I think it's time to stop judging maintenance, it just makes the judges look really schizo 8)


----------



## gf225 (Mar 26, 2005)

greenmiddlefinger said:


> _I'm_ offended by people calling aquascaping a hobby, because _I'm serious_


You don't say Said like a true art student!


----------



## Phil Edwards (Jan 22, 2004)

Steve,

Why are you offended when people call aquatic gardening and aquascaping a hobby? Aquascaping is an art, but for the vast majority of us who don't do it professionally, it's a hobby. I used to make my living in aquarium maintenance and selling aquarium and pond plants. Now I'm going to be making my living on the scientific side of aquatic plants. As a aquatic plant professional does that mean my aquariums aren't a hobby for me? 

Many people undertake artistic and creative endeavors to pass time or for the enjoyment of learning new things vs. making money at it. That, in my book, constitues a hobby. I think it just so happens that most of us here who follow aquascaping in internet circles are more serious hobbyists than the average Joe who buys some plants for his fish tank. 

I agree though, aquascaping and aquatic gardening are definately an artistic endeavor. 

Regards,
Phil


----------



## Steven_Chong (Mar 17, 2005)

gf225-- as artists, we'll keep improving together. 

Phil--
In honesty, the word "offended" is stronger than my real feeling, but I'm using it, because I want it to carry seriousness.

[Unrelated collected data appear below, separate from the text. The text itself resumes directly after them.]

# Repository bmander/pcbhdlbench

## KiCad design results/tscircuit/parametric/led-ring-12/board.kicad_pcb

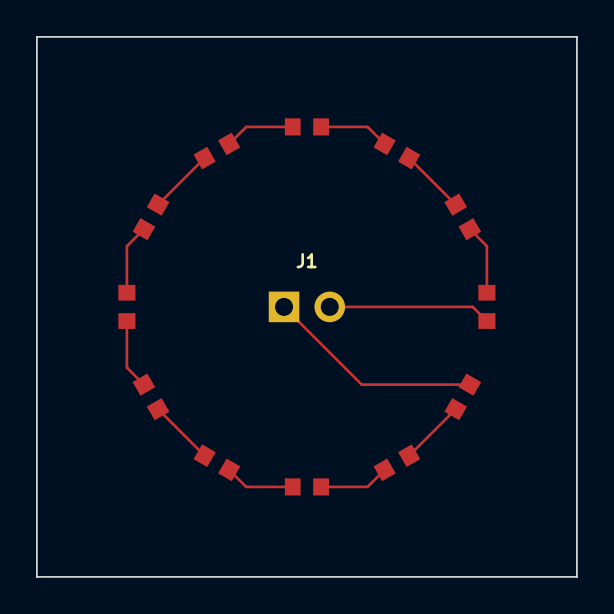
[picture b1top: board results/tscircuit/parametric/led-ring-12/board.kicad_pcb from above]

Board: 2 copper layers, 30.0 x 30.0 mm, 13 parts (0 on the bottom side), 13 nets.

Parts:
D1, D2, D3, D4, D5, D6, D7, D8, D9, D10, D11, D12: LED; led
J1: J1; pin_header_pinrow2_p2_54_id1_od1_7_nopinlabels

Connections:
.D1 > .anode to .D2 > .cathode: D1.1, D2.2
.D2 > .anode to .D3 > .cathode: D2.1, D3.2
.D3 > .anode to .D4 > .cathode: D3.1, D4.2
.D4 > .anode to .D5 > .cathode: D4.1, D5.2
.D5 > .anode to .D6 > .cathode: D5.1, D6.2
.D6 > .anode to .D7 > .cathode: D6.1, D7.2
.D7 > .anode to .D8 > .cathode: D7.1, D8.2
.D8 > .anode to .D9 > .cathode: D8.1, D9.2
.D9 > .anode to .D10 > .cathode: D9.1, D10.2
.D10 > .anode to .D11 > .cathode: D10.1, D11.2
.D11 > .anode to .D12 > .cathode: D11.1, D12.2
.J1 > .pin1 to .D12 > .anode: D12.1, J1.1
.J1 > .pin2 to .D1 > .cathode: D1.2, J1.2

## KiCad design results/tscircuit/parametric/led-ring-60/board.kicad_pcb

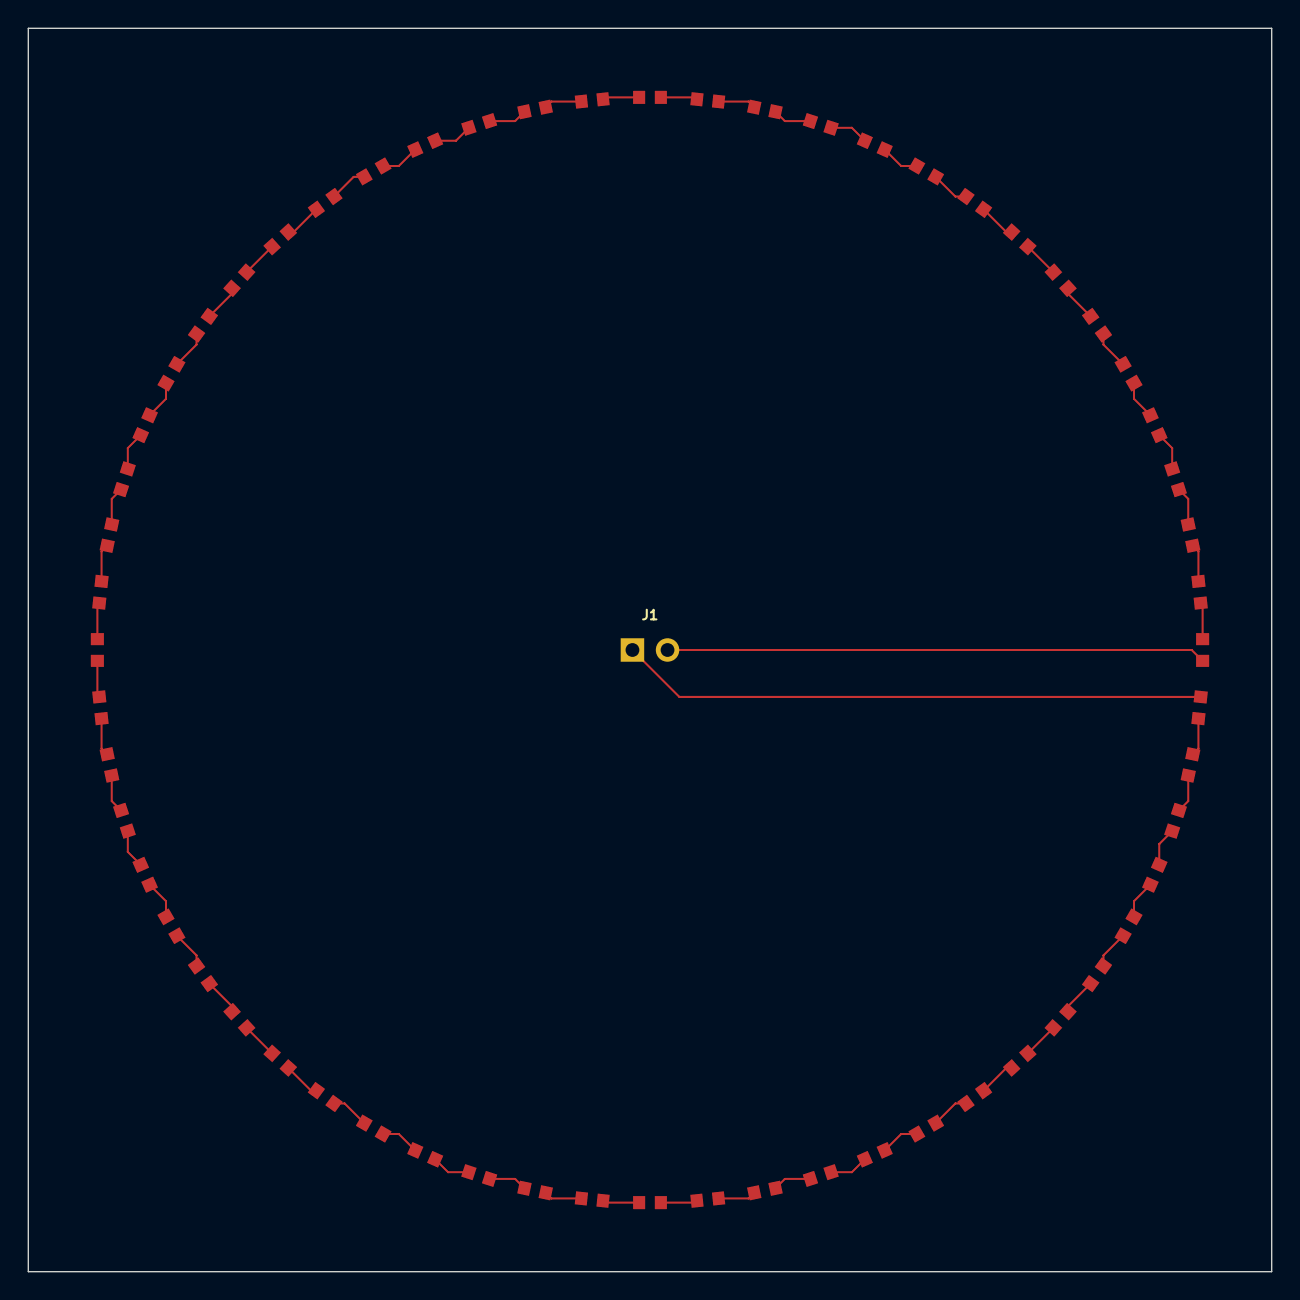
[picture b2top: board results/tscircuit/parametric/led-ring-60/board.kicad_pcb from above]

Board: 2 copper layers, 90.0 x 90.0 mm, 61 parts (0 on the bottom side), 61 nets.

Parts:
D1, D2, D3, D4, D5, D6, D7, D8, D9, D10, D11, D12, D13, D14, D15, D16, D17, D18, D19, D20, D21, D22, D23, D24, D25, D26, D27, D28, D29, D30, D31, D32, D33, D34, D35, D36, D37, D38, D39, D40, D41, D42, D43, D44, D45, D46, D47, D48, D49, D50, D51, D52, D53, D54, D55, D56, D57, D58, D59, D60: LED; led
J1: J1; pin_header_pinrow2_p2_54_id1_od1_7_nopinlabels

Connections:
.D1 > .anode to .D2 > .cathode: D1.1, D2.2
.D2 > .anode to .D3 > .cathode: D2.1, D3.2
.D3 > .anode to .D4 > .cathode: D3.1, D4.2
.D4 > .anode to .D5 > .cathode: D4.1, D5.2
.D5 > .anode to .D6 > .cathode: D5.1, D6.2
.D6 > .anode to .D7 > .cathode: D6.1, D7.2
.D7 > .anode to .D8 > .cathode: D7.1, D8.2
.D8 > .anode to .D9 > .cathode: D8.1, D9.2
.D9 > .anode to .D10 > .cathode: D9.1, D10.2
.D10 > .anode to .D11 > .cathode: D10.1, D11.2
.D11 > .anode to .D12 > .cathode: D11.1, D12.2
.D12 > .anode to .D13 > .cathode: D12.1, D13.2
.D13 > .anode to .D14 > .cathode: D13.1, D14.2
.D14 > .anode to .D15 > .cathode: D14.1, D15.2
.D15 > .anode to .D16 > .cathode: D15.1, D16.2
.D16 > .anode to .D17 > .cathode: D16.1, D17.2
.D17 > .anode to .D18 > .cathode: D17.1, D18.2
.D18 > .anode to .D19 > .cathode: D18.1, D19.2
.D19 > .anode to .D20 > .cathode: D19.1, D20.2
.D20 > .anode to .D21 > .cathode: D20.1, D21.2
.D21 > .anode to .D22 > .cathode: D21.1, D22.2
.D22 > .anode to .D23 > .cathode: D22.1, D23.2
.D23 > .anode to .D24 > .cathode: D23.1, D24.2
.D24 > .anode to .D25 > .cathode: D24.1, D25.2
.D25 > .anode to .D26 > .cathode: D25.1, D26.2
.D26 > .anode to .D27 > .cathode: D26.1, D27.2
.D27 > .anode to .D28 > .cathode: D27.1, D28.2
.D28 > .anode to .D29 > .cathode: D28.1, D29.2
.D29 > .anode to .D30 > .cathode: D29.1, D30.2
.D30 > .anode to .D31 > .cathode: D30.1, D31.2
.D31 > .anode to .D32 > .cathode: D31.1, D32.2
.D32 > .anode to .D33 > .cathode: D32.1, D33.2
.D33 > .anode to .D34 > .cathode: D33.1, D34.2
.D34 > .anode to .D35 > .cathode: D34.1, D35.2
.D35 > .anode to .D36 > .cathode: D35.1, D36.2
.D36 > .anode to .D37 > .cathode: D36.1, D37.2
.D37 > .anode to .D38 > .cathode: D37.1, D38.2
.D38 > .anode to .D39 > .cathode: D38.1, D39.2
.D39 > .anode to .D40 > .cathode: D39.1, D40.2
.D40 > .anode to .D41 > .cathode: D40.1, D41.2
.D41 > .anode to .D42 > .cathode: D41.1, D42.2
.D42 > .anode to .D43 > .cathode: D42.1, D43.2
.D43 > .anode to .D44 > .cathode: D43.1, D44.2
.D44 > .anode to .D45 > .cathode: D44.1, D45.2
.D45 > .anode to .D46 > .cathode: D45.1, D46.2
.D46 > .anode to .D47 > .cathode: D46.1, D47.2
.D47 > .anode to .D48 > .cathode: D47.1, D48.2
.D48 > .anode to .D49 > .cathode: D48.1, D49.2
.D49 > .anode to .D50 > .cathode: D49.1, D50.2
.D50 > .anode to .D51 > .cathode: D50.1, D51.2
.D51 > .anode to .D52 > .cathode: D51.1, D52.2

Are you satisfied with how things are Phil?

Are you happy always having to explain what aquascaping is anytime you want to talk about it with people you meet? Or having to show them photos just so that they can see that you're talking about something amazing? Are you satisfied with aquascaping being the unknown hobby-like art form the vast majority of people think of it as (or not think of it at all really)?

Phil, it's true that for the majority of people who work with aquariums, aquascaping would just be a hobby, and only in small enclaves and circles and only certain geographic locations can you find it budding into a serious art form. My point is-- I'm not satisfied with that.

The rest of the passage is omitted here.